-- Problem statement --
Copy all the entries below exactly, but not the pictures.

• • • •

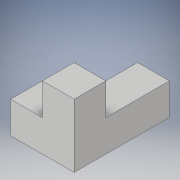
# Autodesk Inventor part: Additive Method(1)
Saved by Autodesk Inventor 2019 (Build 230136000, 136)
## iProperties
Created: 2019-09-05
Part Number: Additive Method(1)
Material: Generic
Document SubType Name: Modeling
Designer: IED8
Density: 1 g/cm^3
Appearance: Default
Author: IED8
Autodesk Inventor part; units mm, degrees
ref_plane "YZ Plane" through (0, 0, 0) normal (1, 0, 0) x (0, 1, 0)
ref_plane "XZ Plane" through (0, 0, 0) normal (0, 1, 0) x (-1, 0, 0)
ref_plane "XY Plane" through (0, 0, 0) normal (0, 0, 1) x (1, 0, 0)
sketch "Sketch1" plane through (0, 0, 0) normal (0, 1, 0) x (-1, 0, 0)
  line L0 (7.6204, 7.8637) -> (-30.4796, 7.8637)
  line L1 (-30.4796, 7.8637) -> (-30.4796, -49.2863)
  line L2 (-30.4796, -49.2863) -> (-11.4296, -49.2863)
  line L3 (-11.4296, -49.2863) -> (-11.4296, -30.2363)
  line L4 (-11.4296, -30.2363) -> (7.6204, -30.2363)
  line L5 (7.6204, -30.2363) -> (7.6204, 7.8637)
  point P0 (0, 0)
  dimension "d0" = 38.1
  dimension "d1" = 57.15
  dimension "d2" = 19.05
  dimension "d3" = 19.05
  dimension "d4" = 19.05
  constraints: 12 end point, 4 perpendicular, 1 horizontal
  measures "d0" distance of L0.start L0.end
  measures "d1" distance of L0.end L1.end
  measures "d2" distance of L1.end L2.end
  measures "d3" distance of L2.end L3.end
  measures "d4" distance of L3.end L4.end
extrude "Extrusion1" add sketch "Sketch1" along normal blind 19.05
sketch "Sketch2" plane through (0, 19.05, 0) normal (0, 1, 0) x (1, 0, 0)
  line L0 (11.4296, 11.1711) -> (11.4296, -7.8637)
  line L1 (-7.6204, -7.8637) -> (30.4796, -7.8637) projected
  line L2 (11.4296, 11.1711) -> (30.4796, 11.1711)
  line L3 (30.4796, -7.8637) -> (30.4796, 49.2863) projected
  line L4 (30.4796, 11.1711) -> (30.4796, -7.8637)
  line L5 (30.4796, -7.8637) -> (11.4296, -7.8637)
  point P0 (0, 0)
  constraints: 8 end point, 1 collinear, 1 horizontal, 1 midpoint, 1 perpendicular
extrude "Extrusion2" add sketch "Sketch2" along normal blind 19.05
body "Solid1"

• • • •

-- Written response --
# Autodesk Inventor part: Additive Method(1)
Saved by Autodesk Inventor 2019 (Build 230136000, 136)
## iProperties
Created: 2019-09-05
Part Number: Additive Method(1)
Material: Generic
Document SubType Name: Modeling
Designer: IED8
Density: 1 g/cm^3
Appearance: Default
Author: IED8
Autodesk Inventor part; units mm, degrees
ref_plane "YZ Plane" through (0, 0, 0) normal (1, 0, 0) x (0, 1, 0)
ref_plane "XZ Plane" through (0, 0, 0) normal (0, 1, 0) x (-1, 0, 0)
ref_plane "XY Plane" through (0, 0, 0) normal (0, 0, 1) x (1, 0, 0)
sketch "Sketch1" plane through (0, 0, 0) normal (0, 1, 0) x (-1, 0, 0)
  line L0 (7.6204, 7.8637) -> (-30.4796, 7.8637)
  line L1 (-30.4796, 7.8637) -> (-30.4796, -49.2863)
  line L2 (-30.4796, -49.2863) -> (-11.4296, -49.2863)
  line L3 (-11.4296, -49.2863) -> (-11.4296, -30.2363)
  line L4 (-11.4296, -30.2363) -> (7.6204, -30.2363)
  line L5 (7.6204, -30.2363) -> (7.6204, 7.8637)
  point P0 (0, 0)
  dimension "d0" = 38.1
  dimension "d1" = 57.15
  dimension "d2" = 19.05
  dimension "d3" = 19.05
  dimension "d4" = 19.05
  constraints: 12 end point, 4 perpendicular, 1 horizontal
  measures "d0" distance of L0.start L0.end
  measures "d1" distance of L0.end L1.end
  measures "d2" distance of L1.end L2.end
  measures "d3" distance of L2.end L3.end
  measures "d4" distance of L3.end L4.end
extrude "Extrusion1" add sketch "Sketch1" along normal blind 19.05
sketch "Sketch2" plane through (0, 19.05, 0) normal (0, 1, 0) x (1, 0, 0)
  line L0 (11.4296, 11.1711) -> (11.4296, -7.8637)
  line L1 (-7.6204, -7.8637) -> (30.4796, -7.8637) projected
  line L2 (11.4296, 11.1711) -> (30.4796, 11.1711)
  line L3 (30.4796, -7.8637) -> (30.4796, 49.2863) projected
  line L4 (30.4796, 11.1711) -> (30.4796, -7.8637)
  line L5 (30.4796, -7.8637) -> (11.4296, -7.8637)
  point P0 (0, 0)
  constraints: 8 end point, 1 collinear, 1 horizontal, 1 midpoint, 1 perpendicular
extrude "Extrusion2" add sketch "Sketch2" along normal blind 19.05
body "Solid1"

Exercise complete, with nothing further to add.